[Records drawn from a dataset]
===

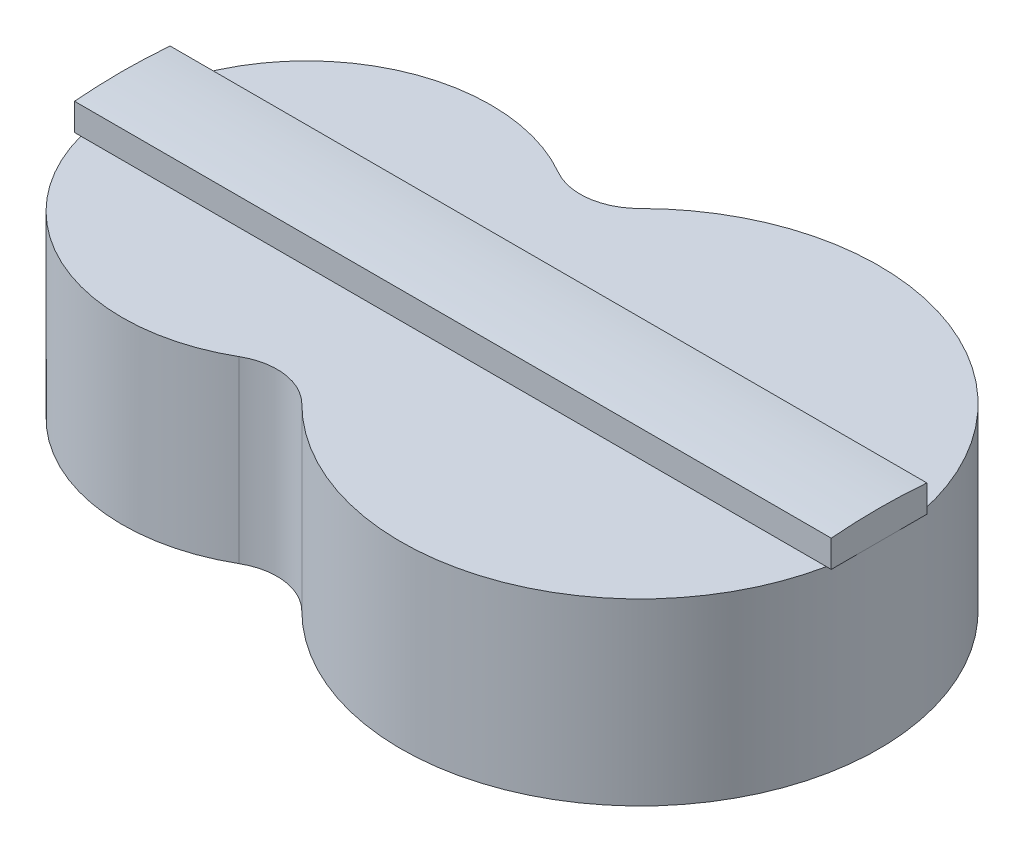
SolidWorks part; units mm, degrees
ref_plane "Front Plane" through (0, 0, 0) normal (0, 0, 1) x (1, 0, 0)
ref_plane "Top Plane" through (0, 0, 0) normal (0, 1, 0) x (1, 0, 0)
ref_plane "Right Plane" through (0, 0, 0) normal (1, 0, 0) x (0, 0, -1)
sketch "Sketch1" plane through (0, 0, 0) normal (0, 1, 0) x (1, 0, 0)
  line L0 (100, 0) -> (-500, 0) construction
  arc A0 (-70.7107, -70.7107) -> (-70.7107, 70.7107) centre (0, 0) ccw
  arc A1 (-70.7107, 70.7107) -> (-100.8883, 66.7377) centre (-88.3883, 88.3883) cw
  arc A3 (-100.8883, 66.7377) -> (-100.8883, -66.7377) centre (-139.4194, 0) ccw
  arc A4 (-70.7107, -70.7107) -> (-100.8883, -66.7377) centre (-88.3883, -88.3883) ccw
extrude "Boss-Extrude3" add sketch "Sketch1" against normal blind 75
sketch "Sketch4" plane through (0, 0, 0) normal (0, 1, 0) x (1, 0, 0)
  line L0 (-235.662, 0) -> (0, 0) construction
  line L1 (-66.1438, 75) -> (64.2836, 76.6004) construction
  line L2 (-66.1438, 0) -> (-66.1438, 75) construction
  arc A0 (-70.7107, -70.7107) -> (-70.7107, 70.7107) centre (0, 0) ccw construction
sketch "Sketch6" plane through (0, 0, 0) normal (1, 0, 0) x (0, 0, -1)
  line L0 (0, 195.3917) -> (0, 0) construction
  line L1 (0, 0) -> (0, -458.9045) construction
  line L2 (20, 0) -> (20, 11.3262)
  line L3 (0, 0) -> (75, 0) construction
  line L4 (-100, -75) -> (100, -75) construction
  line L5 (20, 0) -> (-20, 0)
  line L6 (-20, 0) -> (-20, 11.3262)
  arc A0 (20, 11.3262) -> (-20, 11.3262) centre (0, -225) ccw
  dimension "D2" = 150
  dimension "D3" = 237.171
  dimension "D1" = 20
extrude "Boss-Extrude4" add sketch "Sketch6" along normal through all and the other way through all contours A0 L6 L5 L2
sketch "Sketch7" plane through (0, -75, 0) normal (0, -1, 0) x (1, 0, 0)
  line L0 (-216.4815, 0) -> (100, 0) construction
  line L1 (-66.1438, 0) -> (-66.1438, -75) construction
  arc A0 (-70.7107, -70.7107) -> (-70.7107, 70.7107) centre (0, 0) ccw construction
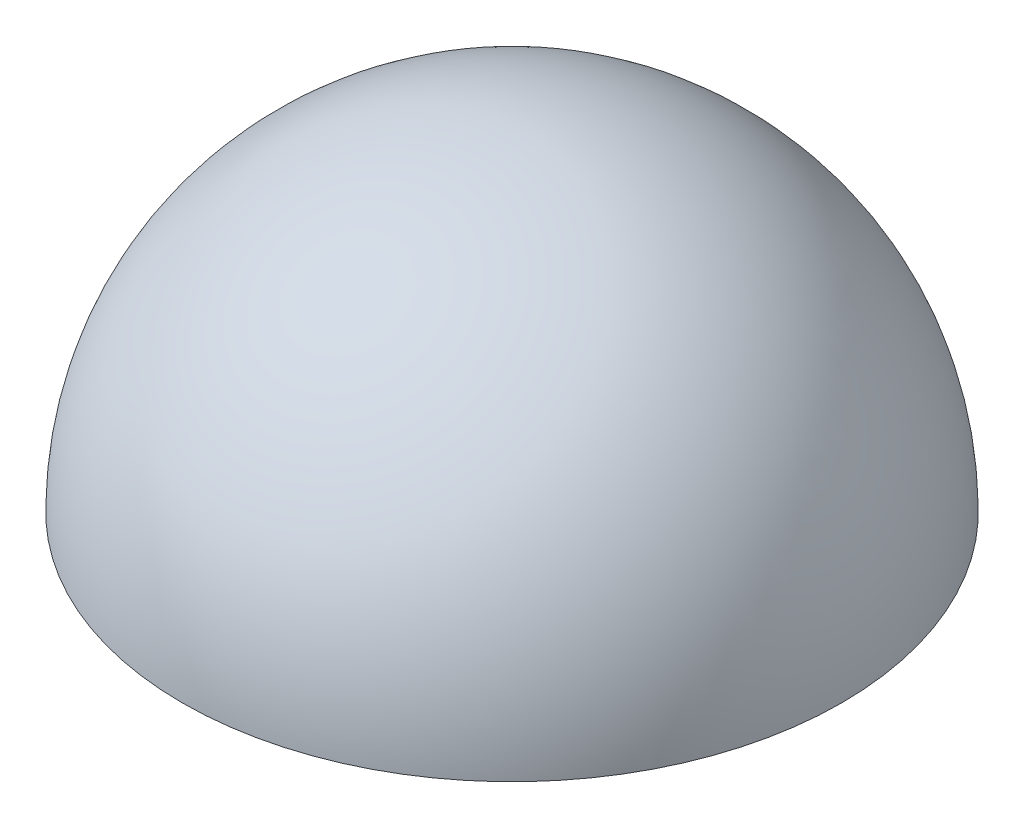
SolidWorks part; units mm, degrees
ref_plane "Front Plane" through (0, 0, 0) normal (0, 0, 1) x (1, 0, 0)
ref_plane "Top Plane" through (0, 0, 0) normal (0, 1, 0) x (1, 0, 0)
ref_plane "Right Plane" through (0, 0, 0) normal (1, 0, 0) x (0, 0, -1)
sketch "Sketch1" plane through (0, 0, 0) normal (0, 0, 1) x (1, 0, 0)
  line L0 (0, 3.2) -> (0, 3.8)
  line L1 (3.8, 0) -> (3.2, 0)
  arc A0 (3.2, 0) -> (0, 3.2) centre (0, 0) ccw
  arc A1 (3.8, 0) -> (0, 3.8) centre (0, 0) ccw
  dimension "D1" = 3.2
  dimension "D2" = 3.8
sketch "Sketch2" plane through (0, 0, 0) normal (0, 0, 1) x (1, 0, 0)
  line L0 (0, 3.1) -> (0, 0)
  line L1 (0, 0) -> (3.1, 0)
  arc A0 (3.1, 0) -> (0, 3.1) centre (0, 0) ccw
  dimension "D1" = 3.1
  dimension "D2" = 3.1
revolve "Revolve1" add sketch "Sketch1" angle 360 about L0
revolve "Revolve2" add sketch "Sketch2" angle 360 about L0
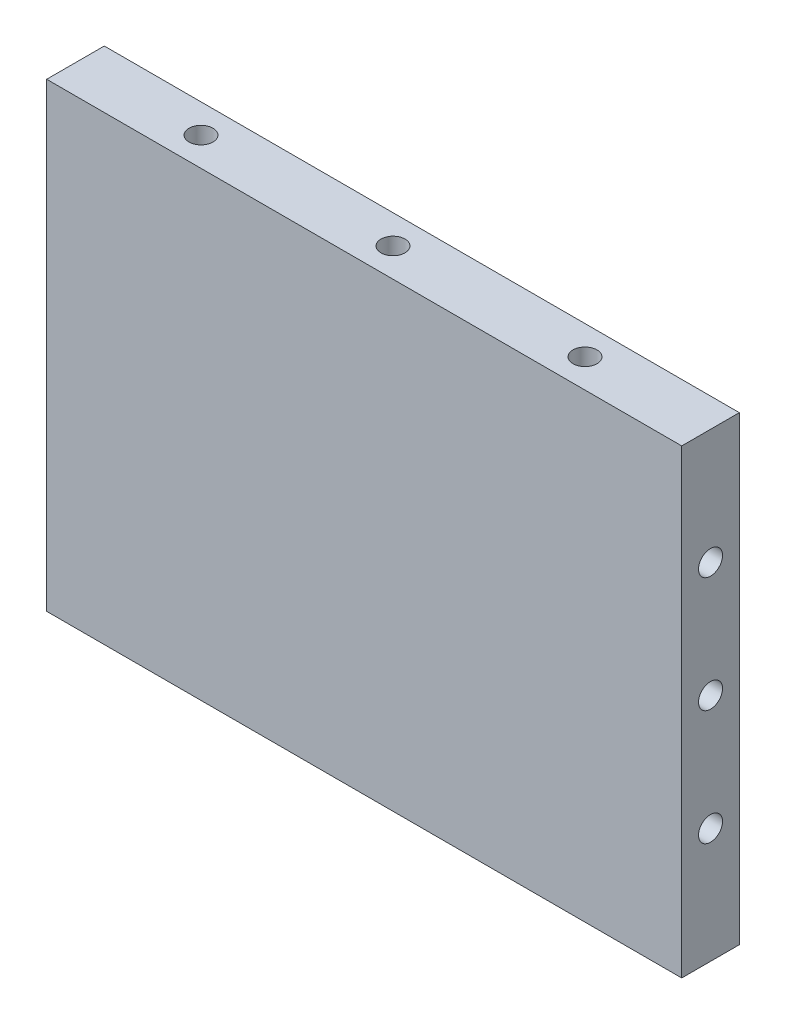
SolidWorks part; units mm, degrees
material "6063-T5"
ref_plane "前视基准面" through (0, 0, 0) normal (0, 0, 1) x (1, 0, 0)
ref_plane "上视基准面" through (0, 0, 0) normal (0, 1, 0) x (1, 0, 0)
ref_plane "右视基准面" through (0, 0, 0) normal (1, 0, 0) x (0, 0, -1)
other "Configuration Table"
sketch "草图1" plane through (0, 0, 0) normal (0, 0, 1) x (1, 0, 0)
  line L1 (-33.075, -24) -> (33.075, -24)
  line L2 (-33.075, -24) -> (-33.075, 24)
  line L3 (-33.075, 24) -> (33.075, 24)
  line L4 (33.075, -24) -> (33.075, 24)
  line L5 (-33.075, -24) -> (33.075, 24) construction
  line L6 (-33.075, 24) -> (33.075, -24) construction
  point P0 (0, 0)
  dimension "D1" = 66.15
  dimension "D2" = 48
extrude "凸台-拉伸1" add sketch "草图1" along normal blind 6
sketch "草图2" plane through (0, 24, 0) normal (0, 1, 0) x (1, 0, 0)
  line L0 (0, 0) -> (0, 50000) construction
  line L1 (26.125, -3) -> (50026.125, -3) construction
  line L2 (33.075, -6) -> (33.075, 0) construction
  circle A0 centre (0, -3) radius 2.525
  circle A1 centre (-20, -3) radius 2.525
  circle A2 centre (20, -3) radius 2.525
  point P7 (33.075, -3)
  dimension "D1" = 5.05
  dimension "D2" = 20
sketch "草图9" plane through (0, 0, 6) normal (0, 0, 1) x (1, 0, 0)
  line L0 (33.075, -24) -> (33.075, 24) construction
  line L1 (-33.075, 24) -> (33.075, 24)
  line L2 (-33.075, 24) -> (-33.075, 30)
  line L3 (-33.075, 30) -> (33.075, 30)
  line L4 (33.075, 24) -> (33.075, 30)
  dimension "D1" = 6
sketch "草图5" plane through (-33.075, 0, 0) normal (-1, 0, 0) x (0, 0, 1)
  line L0 (3, 17.5) -> (3, 50017.5) construction
  line L1 (5.525, 24) -> (0.475, 24) construction
  line L2 (0, 0) -> (50000, 0) construction
  circle A0 centre (3, 12) radius 1.1739 construction
  circle A1 centre (3, -12) radius 1.1739 construction
  point P4 (3, 24)
  dimension "D1" = 2.3477
  dimension "D2" = 12
sketch "草图6" plane through (-33.075, 0, 0) normal (-1, 0, 0) x (0, 0, 1)
  line L0 (3, -199982.5) -> (3, 250017.5) construction
  line L1 (-200000, 0) -> (250000, 0) construction
  point P0 (3, 12)
  point P3 (3, -12)
  point P6 (3, 0)
hole_wizard "M3 螺纹孔2" positions "草图6" profile "草图7" tap size "M3" standard "GB" end condition through all
sketch "草图7" plane through (-33.075, 12, 3) normal (0, 1, 0) x (0, 0, 1)
  line L0 (0, 0) -> (0, 66.15)
  line L1 (0, 66.15) -> (1.25, 66.15)
  line L2 (1.25, 66.15) -> (1.25, 0)
  line L5 (1.25, 0) -> (0, 0)
  line L11 (0, -6.35) -> (0, 107.95) construction
  dimension "通孔螺纹孔钻头直径" = 2.5
  dimension "通孔螺纹孔钻头深度" = 66.15
cosmetic thread "孔螺蚊线4" parameters "D2"=3
cosmetic thread "孔螺蚊线5" parameters "D2"=3
cosmetic thread "孔螺蚊线6" parameters "D2"=3
sketch "草图10" plane through (0, 24, 0) normal (0, 1, 0) x (1, 0, 0)
  line L0 (-33.075, -3) -> (49966.925, -3) construction
  line L1 (-33.075, -6) -> (-33.075, 0) construction
  line L2 (0, 0) -> (0, -3) construction
  line L3 (0, -3) -> (0, 49997) construction
  circle A0 centre (0, -3) radius 1.525
  circle A1 centre (20, -3) radius 1.525
  circle A2 centre (-20, -3) radius 1.525
  point P4 (-33.075, -3)
  point P5 (0, -3)
  point P8 (20, -3)
  point P11 (-20, -3)
  point P22 (0, -3)
  dimension "D1" = 3.05
  dimension "D2" = 20
hole_wizard "M3 螺纹孔3" positions "草图10" profile "草图11" tap size "M3" standard "GB" end condition through all
sketch "草图11" plane through (0, 24, 3) normal (1, 0, 0) x (0, 0, 1)
  line L0 (0, 0) -> (0, 48)
  line L1 (0, 48) -> (1.25, 48)
  line L2 (1.25, 48) -> (1.25, 0)
  line L5 (1.25, 0) -> (0, 0)
  line L11 (0, -6.35) -> (0, 107.95) construction
  dimension "通孔螺纹孔钻头直径" = 2.5
  dimension "通孔螺纹孔钻头深度" = 48
cosmetic thread "孔螺蚊线7" parameters "D2"=3
cosmetic thread "孔螺蚊线8" parameters "D2"=3
cosmetic thread "孔螺蚊线10" parameters "D2"=3

===

What the task asks:
Retype the entries above exactly, but only from the line containing "line L5 (-33.075, -24)" through the line containing "normal blind 6", both included.

Answer area:
  line L5 (-33.075, -24) -> (33.075, 24) construction
  line L6 (-33.075, 24) -> (33.075, -24) construction
  point P0 (0, 0)
  dimension "D1" = 66.15
  dimension "D2" = 48
extrude "凸台-拉伸1" add sketch "草图1" along normal blind 6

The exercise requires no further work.